Task requirements. For this exercise, please reproduce the records below word for word, from the first line through the line with "#11,#12)) REPRESENTATION_CONTEXT('',''));".

Input material.
>>>>>

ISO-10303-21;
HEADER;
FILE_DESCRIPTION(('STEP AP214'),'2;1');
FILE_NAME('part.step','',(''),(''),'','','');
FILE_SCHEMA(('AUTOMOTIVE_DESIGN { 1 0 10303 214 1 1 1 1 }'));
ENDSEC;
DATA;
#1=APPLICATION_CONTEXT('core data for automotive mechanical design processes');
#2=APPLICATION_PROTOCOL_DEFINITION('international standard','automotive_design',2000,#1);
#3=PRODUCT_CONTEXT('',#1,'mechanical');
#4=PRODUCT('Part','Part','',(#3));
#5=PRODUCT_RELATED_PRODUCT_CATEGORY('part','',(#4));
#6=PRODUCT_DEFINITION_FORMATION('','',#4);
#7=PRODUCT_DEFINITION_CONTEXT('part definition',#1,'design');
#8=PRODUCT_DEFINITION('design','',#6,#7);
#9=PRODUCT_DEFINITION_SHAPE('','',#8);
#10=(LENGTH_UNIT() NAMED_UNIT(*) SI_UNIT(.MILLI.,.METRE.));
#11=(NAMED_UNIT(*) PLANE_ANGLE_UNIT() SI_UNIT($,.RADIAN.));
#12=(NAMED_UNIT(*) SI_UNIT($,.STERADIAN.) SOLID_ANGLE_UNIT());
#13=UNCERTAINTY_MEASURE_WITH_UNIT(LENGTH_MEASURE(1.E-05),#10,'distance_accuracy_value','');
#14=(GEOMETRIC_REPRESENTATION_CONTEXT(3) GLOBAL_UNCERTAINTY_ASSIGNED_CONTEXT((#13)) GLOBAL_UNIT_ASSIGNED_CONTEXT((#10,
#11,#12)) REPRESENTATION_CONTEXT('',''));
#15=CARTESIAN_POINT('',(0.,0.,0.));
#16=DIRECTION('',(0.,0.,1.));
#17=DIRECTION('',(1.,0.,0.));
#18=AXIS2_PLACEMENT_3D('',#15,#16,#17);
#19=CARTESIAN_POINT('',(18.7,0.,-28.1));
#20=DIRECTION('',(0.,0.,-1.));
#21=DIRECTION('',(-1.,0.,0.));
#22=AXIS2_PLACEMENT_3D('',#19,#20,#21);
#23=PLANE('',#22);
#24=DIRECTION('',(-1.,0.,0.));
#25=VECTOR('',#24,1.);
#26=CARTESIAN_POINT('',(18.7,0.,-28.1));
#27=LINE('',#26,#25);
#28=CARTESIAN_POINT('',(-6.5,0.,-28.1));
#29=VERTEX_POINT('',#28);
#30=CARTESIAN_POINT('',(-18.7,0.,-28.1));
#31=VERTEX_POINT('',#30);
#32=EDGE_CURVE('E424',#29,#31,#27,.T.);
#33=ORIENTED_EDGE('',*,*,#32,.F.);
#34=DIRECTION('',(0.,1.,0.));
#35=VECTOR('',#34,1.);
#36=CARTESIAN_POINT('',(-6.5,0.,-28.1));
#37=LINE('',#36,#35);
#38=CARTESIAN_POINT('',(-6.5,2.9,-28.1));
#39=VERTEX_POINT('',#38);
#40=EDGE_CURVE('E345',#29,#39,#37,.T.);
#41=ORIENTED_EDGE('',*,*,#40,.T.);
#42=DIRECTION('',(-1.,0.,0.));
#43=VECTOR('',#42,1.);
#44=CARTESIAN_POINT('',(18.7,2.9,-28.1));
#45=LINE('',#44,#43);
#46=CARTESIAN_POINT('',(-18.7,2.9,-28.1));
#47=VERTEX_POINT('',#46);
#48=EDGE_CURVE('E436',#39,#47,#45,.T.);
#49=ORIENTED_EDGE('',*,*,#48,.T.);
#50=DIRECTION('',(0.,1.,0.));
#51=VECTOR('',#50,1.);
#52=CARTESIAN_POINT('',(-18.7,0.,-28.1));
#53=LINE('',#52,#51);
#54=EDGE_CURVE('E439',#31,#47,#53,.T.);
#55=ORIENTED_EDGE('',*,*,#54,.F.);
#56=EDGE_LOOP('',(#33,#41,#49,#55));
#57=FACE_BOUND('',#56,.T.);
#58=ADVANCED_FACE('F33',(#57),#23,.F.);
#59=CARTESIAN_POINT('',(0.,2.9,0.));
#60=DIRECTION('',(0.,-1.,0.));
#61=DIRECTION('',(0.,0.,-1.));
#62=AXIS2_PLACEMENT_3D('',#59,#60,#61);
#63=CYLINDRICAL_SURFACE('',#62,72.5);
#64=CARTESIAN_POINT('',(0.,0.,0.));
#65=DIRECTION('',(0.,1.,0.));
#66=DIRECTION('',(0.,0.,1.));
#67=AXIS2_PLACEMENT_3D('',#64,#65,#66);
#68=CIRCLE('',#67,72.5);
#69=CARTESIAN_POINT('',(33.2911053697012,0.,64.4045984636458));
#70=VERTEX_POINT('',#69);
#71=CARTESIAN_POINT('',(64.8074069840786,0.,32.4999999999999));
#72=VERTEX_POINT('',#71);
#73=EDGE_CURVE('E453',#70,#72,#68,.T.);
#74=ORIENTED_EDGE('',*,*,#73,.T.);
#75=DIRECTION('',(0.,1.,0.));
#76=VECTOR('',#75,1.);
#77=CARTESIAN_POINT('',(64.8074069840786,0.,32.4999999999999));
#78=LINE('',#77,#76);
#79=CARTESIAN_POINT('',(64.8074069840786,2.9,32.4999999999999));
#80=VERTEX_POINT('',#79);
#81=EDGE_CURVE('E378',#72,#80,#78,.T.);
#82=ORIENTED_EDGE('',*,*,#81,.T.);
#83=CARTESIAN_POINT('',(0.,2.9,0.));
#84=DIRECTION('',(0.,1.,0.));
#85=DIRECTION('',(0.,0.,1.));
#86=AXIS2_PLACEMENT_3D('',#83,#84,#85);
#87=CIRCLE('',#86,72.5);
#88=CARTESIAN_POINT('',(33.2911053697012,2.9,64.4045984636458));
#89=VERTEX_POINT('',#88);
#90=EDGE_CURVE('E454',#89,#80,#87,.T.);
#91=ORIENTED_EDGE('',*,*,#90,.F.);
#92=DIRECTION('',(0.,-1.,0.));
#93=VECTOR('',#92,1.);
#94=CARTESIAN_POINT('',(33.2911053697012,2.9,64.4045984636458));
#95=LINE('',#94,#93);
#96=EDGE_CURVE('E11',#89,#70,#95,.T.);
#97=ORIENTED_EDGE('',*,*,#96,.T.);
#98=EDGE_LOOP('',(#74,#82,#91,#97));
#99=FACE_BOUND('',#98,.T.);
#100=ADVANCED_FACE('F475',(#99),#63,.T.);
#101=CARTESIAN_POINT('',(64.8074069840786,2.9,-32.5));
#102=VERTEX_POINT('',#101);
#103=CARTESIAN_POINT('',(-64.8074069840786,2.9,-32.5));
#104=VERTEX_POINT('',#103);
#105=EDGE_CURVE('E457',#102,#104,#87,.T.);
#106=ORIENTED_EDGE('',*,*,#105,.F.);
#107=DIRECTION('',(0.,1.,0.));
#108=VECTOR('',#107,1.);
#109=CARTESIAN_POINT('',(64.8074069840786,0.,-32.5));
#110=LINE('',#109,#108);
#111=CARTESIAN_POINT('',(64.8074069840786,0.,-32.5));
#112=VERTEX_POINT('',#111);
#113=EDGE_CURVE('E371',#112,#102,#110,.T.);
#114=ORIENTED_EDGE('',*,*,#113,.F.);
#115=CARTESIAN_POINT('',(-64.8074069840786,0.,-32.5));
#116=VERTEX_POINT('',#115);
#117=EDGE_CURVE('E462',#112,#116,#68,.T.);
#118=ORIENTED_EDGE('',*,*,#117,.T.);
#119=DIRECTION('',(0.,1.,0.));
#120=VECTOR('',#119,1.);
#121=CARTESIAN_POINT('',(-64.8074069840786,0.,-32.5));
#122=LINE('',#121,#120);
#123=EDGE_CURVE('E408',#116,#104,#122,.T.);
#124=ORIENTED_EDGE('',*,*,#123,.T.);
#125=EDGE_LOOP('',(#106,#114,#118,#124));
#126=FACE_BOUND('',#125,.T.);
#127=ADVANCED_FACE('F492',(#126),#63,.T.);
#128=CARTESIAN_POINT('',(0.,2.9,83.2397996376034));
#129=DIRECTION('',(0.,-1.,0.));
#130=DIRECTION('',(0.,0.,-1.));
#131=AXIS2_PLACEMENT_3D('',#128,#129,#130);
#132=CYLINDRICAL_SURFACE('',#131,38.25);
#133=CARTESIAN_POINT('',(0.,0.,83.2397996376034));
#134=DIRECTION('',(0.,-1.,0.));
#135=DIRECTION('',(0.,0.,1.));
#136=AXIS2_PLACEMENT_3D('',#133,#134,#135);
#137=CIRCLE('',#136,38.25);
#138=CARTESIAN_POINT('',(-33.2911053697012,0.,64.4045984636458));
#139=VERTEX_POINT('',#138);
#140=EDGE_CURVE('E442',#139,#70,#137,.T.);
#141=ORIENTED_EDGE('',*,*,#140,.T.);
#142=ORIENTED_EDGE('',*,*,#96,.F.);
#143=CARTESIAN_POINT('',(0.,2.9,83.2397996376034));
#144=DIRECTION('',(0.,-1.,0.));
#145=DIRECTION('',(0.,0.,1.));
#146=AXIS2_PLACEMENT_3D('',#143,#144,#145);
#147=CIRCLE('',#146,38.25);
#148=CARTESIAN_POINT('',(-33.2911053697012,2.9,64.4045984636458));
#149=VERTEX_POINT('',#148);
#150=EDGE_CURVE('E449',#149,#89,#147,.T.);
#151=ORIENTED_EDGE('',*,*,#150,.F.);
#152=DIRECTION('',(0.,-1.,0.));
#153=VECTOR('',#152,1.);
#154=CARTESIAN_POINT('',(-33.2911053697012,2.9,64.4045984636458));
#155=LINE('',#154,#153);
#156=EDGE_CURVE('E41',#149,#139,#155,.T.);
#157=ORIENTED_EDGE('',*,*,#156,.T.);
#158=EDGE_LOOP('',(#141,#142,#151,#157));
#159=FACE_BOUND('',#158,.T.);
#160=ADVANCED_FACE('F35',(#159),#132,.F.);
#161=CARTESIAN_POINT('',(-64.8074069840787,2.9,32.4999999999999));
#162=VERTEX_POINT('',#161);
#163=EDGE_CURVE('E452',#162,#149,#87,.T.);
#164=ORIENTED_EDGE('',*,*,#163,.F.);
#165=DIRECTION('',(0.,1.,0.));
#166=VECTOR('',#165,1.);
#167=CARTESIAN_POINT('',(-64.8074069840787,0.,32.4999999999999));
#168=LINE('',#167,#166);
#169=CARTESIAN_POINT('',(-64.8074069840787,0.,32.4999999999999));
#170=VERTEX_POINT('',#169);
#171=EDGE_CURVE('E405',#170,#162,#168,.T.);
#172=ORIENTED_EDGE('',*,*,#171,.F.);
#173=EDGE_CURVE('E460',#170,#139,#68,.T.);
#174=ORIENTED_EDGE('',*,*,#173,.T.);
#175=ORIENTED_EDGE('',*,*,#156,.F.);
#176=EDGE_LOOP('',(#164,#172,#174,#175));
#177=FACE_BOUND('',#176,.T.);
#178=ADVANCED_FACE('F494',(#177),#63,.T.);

<<<<<

Answer for this exercise.
ISO-10303-21;
HEADER;
FILE_DESCRIPTION(('STEP AP214'),'2;1');
FILE_NAME('part.step','',(''),(''),'','','');
FILE_SCHEMA(('AUTOMOTIVE_DESIGN { 1 0 10303 214 1 1 1 1 }'));
ENDSEC;
DATA;
#1=APPLICATION_CONTEXT('core data for automotive mechanical design processes');
#2=APPLICATION_PROTOCOL_DEFINITION('international standard','automotive_design',2000,#1);
#3=PRODUCT_CONTEXT('',#1,'mechanical');
#4=PRODUCT('Part','Part','',(#3));
#5=PRODUCT_RELATED_PRODUCT_CATEGORY('part','',(#4));
#6=PRODUCT_DEFINITION_FORMATION('','',#4);
#7=PRODUCT_DEFINITION_CONTEXT('part definition',#1,'design');
#8=PRODUCT_DEFINITION('design','',#6,#7);
#9=PRODUCT_DEFINITION_SHAPE('','',#8);
#10=(LENGTH_UNIT() NAMED_UNIT(*) SI_UNIT(.MILLI.,.METRE.));
#11=(NAMED_UNIT(*) PLANE_ANGLE_UNIT() SI_UNIT($,.RADIAN.));
#12=(NAMED_UNIT(*) SI_UNIT($,.STERADIAN.) SOLID_ANGLE_UNIT());
#13=UNCERTAINTY_MEASURE_WITH_UNIT(LENGTH_MEASURE(1.E-05),#10,'distance_accuracy_value','');
#14=(GEOMETRIC_REPRESENTATION_CONTEXT(3) GLOBAL_UNCERTAINTY_ASSIGNED_CONTEXT((#13)) GLOBAL_UNIT_ASSIGNED_CONTEXT((#10,
#11,#12)) REPRESENTATION_CONTEXT('',''));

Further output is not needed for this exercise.